Not to mention the example: ascii text, english, one word repeated three times. No redundancy? <sigh>
erislover, you simply have no clue what redundancy means in this context or the very basics of data compression or how you measure information.
One other thing: your secrecy is just foolish. You have not invented anything, I can guarantee you that. But people who do invent such things go out of their way to have them published and reviewed by others.
Anyway, I give up as it seems I am unable to explain this in a way you can understand it. Maybe others can do better.
Some bad news for you I’m afraid you’ll have to figure in the overhead of the file segmentation as well then. which in Windows is not always a trivial task.
>> I will attempt to program it out this week but I’ve never worked with file reading/writing in programming yet. No better way to learn than to do it, however! After such a case I could certainly manage to run all possible 128 bit states
I’d like to see that too. 2^128 cases? Have you any idea how long that would take? If your computer can do 1000 per second it will take 1,000,000,… (well it’s 28 zeros) years to finish. I’m not waiting around.

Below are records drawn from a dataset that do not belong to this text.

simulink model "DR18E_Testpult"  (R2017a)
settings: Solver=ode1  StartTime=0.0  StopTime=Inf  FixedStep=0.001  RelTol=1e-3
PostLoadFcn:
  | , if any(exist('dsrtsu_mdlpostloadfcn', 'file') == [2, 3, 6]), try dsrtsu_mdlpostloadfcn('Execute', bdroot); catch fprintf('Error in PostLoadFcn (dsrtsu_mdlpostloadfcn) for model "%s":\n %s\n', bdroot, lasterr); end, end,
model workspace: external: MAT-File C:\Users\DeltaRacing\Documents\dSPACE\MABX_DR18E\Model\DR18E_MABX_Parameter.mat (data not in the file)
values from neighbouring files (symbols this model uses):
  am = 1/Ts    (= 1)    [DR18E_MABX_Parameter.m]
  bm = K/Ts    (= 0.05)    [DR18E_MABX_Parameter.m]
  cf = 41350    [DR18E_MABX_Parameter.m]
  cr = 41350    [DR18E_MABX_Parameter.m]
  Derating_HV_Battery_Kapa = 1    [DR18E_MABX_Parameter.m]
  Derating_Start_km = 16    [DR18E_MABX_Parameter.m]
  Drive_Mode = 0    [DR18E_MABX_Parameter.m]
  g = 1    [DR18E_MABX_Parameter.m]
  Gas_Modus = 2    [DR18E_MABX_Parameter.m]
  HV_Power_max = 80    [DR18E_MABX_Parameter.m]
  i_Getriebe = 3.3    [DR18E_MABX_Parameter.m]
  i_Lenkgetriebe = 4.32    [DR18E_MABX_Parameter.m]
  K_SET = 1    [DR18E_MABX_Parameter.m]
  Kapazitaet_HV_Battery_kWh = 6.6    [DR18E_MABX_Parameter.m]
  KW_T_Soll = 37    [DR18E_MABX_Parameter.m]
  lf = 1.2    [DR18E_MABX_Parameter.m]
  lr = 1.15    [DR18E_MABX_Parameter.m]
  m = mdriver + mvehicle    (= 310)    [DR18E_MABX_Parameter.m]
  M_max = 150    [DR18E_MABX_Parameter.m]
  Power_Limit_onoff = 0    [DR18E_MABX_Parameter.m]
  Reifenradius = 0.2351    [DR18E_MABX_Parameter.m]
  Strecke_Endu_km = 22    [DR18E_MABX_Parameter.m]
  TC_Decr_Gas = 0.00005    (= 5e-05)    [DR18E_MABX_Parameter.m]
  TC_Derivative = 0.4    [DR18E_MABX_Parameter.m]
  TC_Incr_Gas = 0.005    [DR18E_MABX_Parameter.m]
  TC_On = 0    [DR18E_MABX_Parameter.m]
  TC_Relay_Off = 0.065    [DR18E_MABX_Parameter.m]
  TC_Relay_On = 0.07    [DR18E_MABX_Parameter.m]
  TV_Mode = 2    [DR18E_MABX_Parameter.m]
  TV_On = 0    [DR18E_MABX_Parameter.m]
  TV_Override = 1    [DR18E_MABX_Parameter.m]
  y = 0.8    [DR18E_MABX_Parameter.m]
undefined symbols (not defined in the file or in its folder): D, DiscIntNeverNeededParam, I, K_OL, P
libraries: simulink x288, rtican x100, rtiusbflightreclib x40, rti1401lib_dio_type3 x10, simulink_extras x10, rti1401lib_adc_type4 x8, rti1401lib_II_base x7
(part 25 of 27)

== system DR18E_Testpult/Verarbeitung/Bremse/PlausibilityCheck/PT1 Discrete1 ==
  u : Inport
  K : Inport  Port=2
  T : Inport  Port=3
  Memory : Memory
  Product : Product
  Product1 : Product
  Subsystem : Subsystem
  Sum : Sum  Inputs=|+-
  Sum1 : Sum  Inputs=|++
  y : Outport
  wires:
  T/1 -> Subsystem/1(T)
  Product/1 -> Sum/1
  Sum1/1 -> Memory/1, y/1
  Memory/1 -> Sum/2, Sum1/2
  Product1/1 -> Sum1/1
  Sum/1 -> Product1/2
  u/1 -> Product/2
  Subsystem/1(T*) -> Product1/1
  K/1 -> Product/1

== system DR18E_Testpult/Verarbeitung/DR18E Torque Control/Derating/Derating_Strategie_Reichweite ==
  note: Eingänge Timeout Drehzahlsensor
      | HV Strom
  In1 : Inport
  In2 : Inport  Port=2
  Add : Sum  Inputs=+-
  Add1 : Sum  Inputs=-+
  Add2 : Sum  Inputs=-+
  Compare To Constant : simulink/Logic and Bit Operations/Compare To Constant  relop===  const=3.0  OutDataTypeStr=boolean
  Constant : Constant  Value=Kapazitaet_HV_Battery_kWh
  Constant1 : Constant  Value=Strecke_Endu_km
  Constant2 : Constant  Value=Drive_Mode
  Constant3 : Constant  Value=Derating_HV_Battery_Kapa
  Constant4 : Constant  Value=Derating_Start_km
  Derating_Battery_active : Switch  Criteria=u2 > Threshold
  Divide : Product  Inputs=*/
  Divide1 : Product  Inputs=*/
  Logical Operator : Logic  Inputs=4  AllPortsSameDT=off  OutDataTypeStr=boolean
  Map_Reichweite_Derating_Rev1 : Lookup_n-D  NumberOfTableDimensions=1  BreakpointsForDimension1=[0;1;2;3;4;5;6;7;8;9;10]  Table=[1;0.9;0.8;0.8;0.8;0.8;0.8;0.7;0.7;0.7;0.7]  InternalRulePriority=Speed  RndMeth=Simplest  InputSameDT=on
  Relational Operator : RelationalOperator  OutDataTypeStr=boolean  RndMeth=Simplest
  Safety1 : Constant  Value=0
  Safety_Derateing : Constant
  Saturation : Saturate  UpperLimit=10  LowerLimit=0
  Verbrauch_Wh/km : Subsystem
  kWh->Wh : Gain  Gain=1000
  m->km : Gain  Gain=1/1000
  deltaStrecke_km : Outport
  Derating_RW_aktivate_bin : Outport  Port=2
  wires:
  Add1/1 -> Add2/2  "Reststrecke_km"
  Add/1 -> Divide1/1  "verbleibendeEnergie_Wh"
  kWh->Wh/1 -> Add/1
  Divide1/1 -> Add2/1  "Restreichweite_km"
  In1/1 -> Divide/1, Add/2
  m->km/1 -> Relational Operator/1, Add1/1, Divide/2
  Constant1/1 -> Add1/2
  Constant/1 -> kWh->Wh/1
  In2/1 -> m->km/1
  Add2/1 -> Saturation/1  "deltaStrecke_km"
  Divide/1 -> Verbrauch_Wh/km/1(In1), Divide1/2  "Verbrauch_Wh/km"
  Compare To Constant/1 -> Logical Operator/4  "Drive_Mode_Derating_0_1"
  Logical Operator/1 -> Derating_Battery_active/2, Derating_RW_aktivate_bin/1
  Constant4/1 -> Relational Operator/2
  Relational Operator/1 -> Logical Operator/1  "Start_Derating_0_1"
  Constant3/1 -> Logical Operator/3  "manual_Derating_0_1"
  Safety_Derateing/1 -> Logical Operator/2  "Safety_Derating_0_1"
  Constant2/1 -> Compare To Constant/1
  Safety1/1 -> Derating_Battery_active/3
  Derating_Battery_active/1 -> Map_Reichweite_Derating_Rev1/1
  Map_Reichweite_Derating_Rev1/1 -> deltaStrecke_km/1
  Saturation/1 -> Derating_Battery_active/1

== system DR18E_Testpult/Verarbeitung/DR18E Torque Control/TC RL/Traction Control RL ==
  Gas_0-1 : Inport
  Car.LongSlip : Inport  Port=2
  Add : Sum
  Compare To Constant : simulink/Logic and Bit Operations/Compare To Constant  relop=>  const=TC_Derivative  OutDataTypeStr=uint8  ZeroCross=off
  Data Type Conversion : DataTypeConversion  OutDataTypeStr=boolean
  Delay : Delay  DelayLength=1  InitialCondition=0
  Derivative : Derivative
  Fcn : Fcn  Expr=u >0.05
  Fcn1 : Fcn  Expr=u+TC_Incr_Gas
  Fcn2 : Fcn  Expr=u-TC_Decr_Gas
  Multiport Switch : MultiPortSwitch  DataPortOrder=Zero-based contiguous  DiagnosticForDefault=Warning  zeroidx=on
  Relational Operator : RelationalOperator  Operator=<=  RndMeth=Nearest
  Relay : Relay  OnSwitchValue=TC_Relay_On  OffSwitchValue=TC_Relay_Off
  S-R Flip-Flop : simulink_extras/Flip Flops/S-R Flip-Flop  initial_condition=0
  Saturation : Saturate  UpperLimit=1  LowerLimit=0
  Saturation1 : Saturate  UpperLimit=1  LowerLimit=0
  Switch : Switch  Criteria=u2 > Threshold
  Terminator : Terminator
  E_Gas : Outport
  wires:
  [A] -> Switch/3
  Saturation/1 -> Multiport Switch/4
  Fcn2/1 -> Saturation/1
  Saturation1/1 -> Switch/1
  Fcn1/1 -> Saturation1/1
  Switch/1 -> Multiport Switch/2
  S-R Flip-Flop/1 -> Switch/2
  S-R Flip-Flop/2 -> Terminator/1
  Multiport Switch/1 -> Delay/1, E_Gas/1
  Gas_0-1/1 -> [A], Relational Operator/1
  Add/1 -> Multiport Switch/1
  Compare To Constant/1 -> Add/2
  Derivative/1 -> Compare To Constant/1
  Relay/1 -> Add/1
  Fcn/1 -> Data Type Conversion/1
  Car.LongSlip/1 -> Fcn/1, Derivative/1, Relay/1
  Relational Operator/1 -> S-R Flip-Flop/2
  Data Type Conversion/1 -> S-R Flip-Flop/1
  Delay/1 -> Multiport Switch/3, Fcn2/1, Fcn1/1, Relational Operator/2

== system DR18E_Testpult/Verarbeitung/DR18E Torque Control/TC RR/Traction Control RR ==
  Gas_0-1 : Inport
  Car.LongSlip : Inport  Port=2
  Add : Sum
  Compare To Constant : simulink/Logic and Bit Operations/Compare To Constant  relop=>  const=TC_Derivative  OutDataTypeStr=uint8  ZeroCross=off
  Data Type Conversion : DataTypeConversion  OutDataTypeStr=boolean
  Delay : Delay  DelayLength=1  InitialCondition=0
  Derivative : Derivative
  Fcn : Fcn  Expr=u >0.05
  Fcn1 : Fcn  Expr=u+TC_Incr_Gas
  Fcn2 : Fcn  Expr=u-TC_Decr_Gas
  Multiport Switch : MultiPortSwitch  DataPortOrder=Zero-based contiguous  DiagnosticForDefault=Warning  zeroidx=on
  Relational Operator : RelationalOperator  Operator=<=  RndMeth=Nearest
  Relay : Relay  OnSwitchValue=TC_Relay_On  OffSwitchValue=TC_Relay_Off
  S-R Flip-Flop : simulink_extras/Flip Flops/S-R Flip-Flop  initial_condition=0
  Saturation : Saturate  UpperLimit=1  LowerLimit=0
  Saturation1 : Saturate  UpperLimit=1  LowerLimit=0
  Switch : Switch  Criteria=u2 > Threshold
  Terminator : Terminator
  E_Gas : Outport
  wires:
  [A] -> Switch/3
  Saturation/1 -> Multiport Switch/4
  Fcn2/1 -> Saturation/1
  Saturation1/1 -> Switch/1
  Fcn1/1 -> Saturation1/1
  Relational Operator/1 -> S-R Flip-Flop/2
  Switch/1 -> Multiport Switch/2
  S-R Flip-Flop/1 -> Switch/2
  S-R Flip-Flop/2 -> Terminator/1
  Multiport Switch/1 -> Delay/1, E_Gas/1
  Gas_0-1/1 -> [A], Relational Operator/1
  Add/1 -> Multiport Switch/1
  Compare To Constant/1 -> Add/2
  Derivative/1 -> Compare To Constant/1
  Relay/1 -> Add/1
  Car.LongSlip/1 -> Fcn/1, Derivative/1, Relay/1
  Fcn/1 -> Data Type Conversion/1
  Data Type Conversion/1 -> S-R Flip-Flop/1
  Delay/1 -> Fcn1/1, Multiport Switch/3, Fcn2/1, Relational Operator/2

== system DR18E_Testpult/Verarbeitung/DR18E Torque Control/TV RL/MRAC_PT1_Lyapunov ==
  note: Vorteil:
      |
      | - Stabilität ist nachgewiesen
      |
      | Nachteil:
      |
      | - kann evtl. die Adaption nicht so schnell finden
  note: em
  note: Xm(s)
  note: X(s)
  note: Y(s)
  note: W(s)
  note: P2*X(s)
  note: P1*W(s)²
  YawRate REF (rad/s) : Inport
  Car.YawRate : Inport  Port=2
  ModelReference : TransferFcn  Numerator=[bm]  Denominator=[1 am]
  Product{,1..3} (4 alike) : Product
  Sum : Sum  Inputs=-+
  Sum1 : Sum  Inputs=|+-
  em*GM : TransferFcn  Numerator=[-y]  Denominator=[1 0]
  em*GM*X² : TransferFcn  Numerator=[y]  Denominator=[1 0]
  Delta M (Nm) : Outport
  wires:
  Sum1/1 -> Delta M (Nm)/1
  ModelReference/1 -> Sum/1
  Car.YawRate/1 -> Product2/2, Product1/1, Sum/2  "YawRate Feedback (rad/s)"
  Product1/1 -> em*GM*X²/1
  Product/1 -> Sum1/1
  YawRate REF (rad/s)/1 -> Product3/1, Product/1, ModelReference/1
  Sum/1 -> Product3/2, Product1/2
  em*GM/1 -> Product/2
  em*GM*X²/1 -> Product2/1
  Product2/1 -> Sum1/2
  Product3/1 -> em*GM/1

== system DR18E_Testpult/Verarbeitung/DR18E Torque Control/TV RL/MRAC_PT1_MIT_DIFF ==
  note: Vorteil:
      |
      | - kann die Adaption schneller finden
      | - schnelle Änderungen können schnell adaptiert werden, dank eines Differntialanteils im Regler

sailor If he is not doing any checking of the data then the fact the data has redundancy is irrelevant to him. There are of course algorithms that could do a lot better in this case than his does. I will await judgment till further data is provided for the two tests given above. Though I agree with sailors analysis of the situation in general you can not uniquely define 2[sup]128[/sup] cases in less than 128 bits, and using knowledge contained with-in the algorithm to store information is either not going to scale well, or is going to lose data erislover. Hope you have fun though.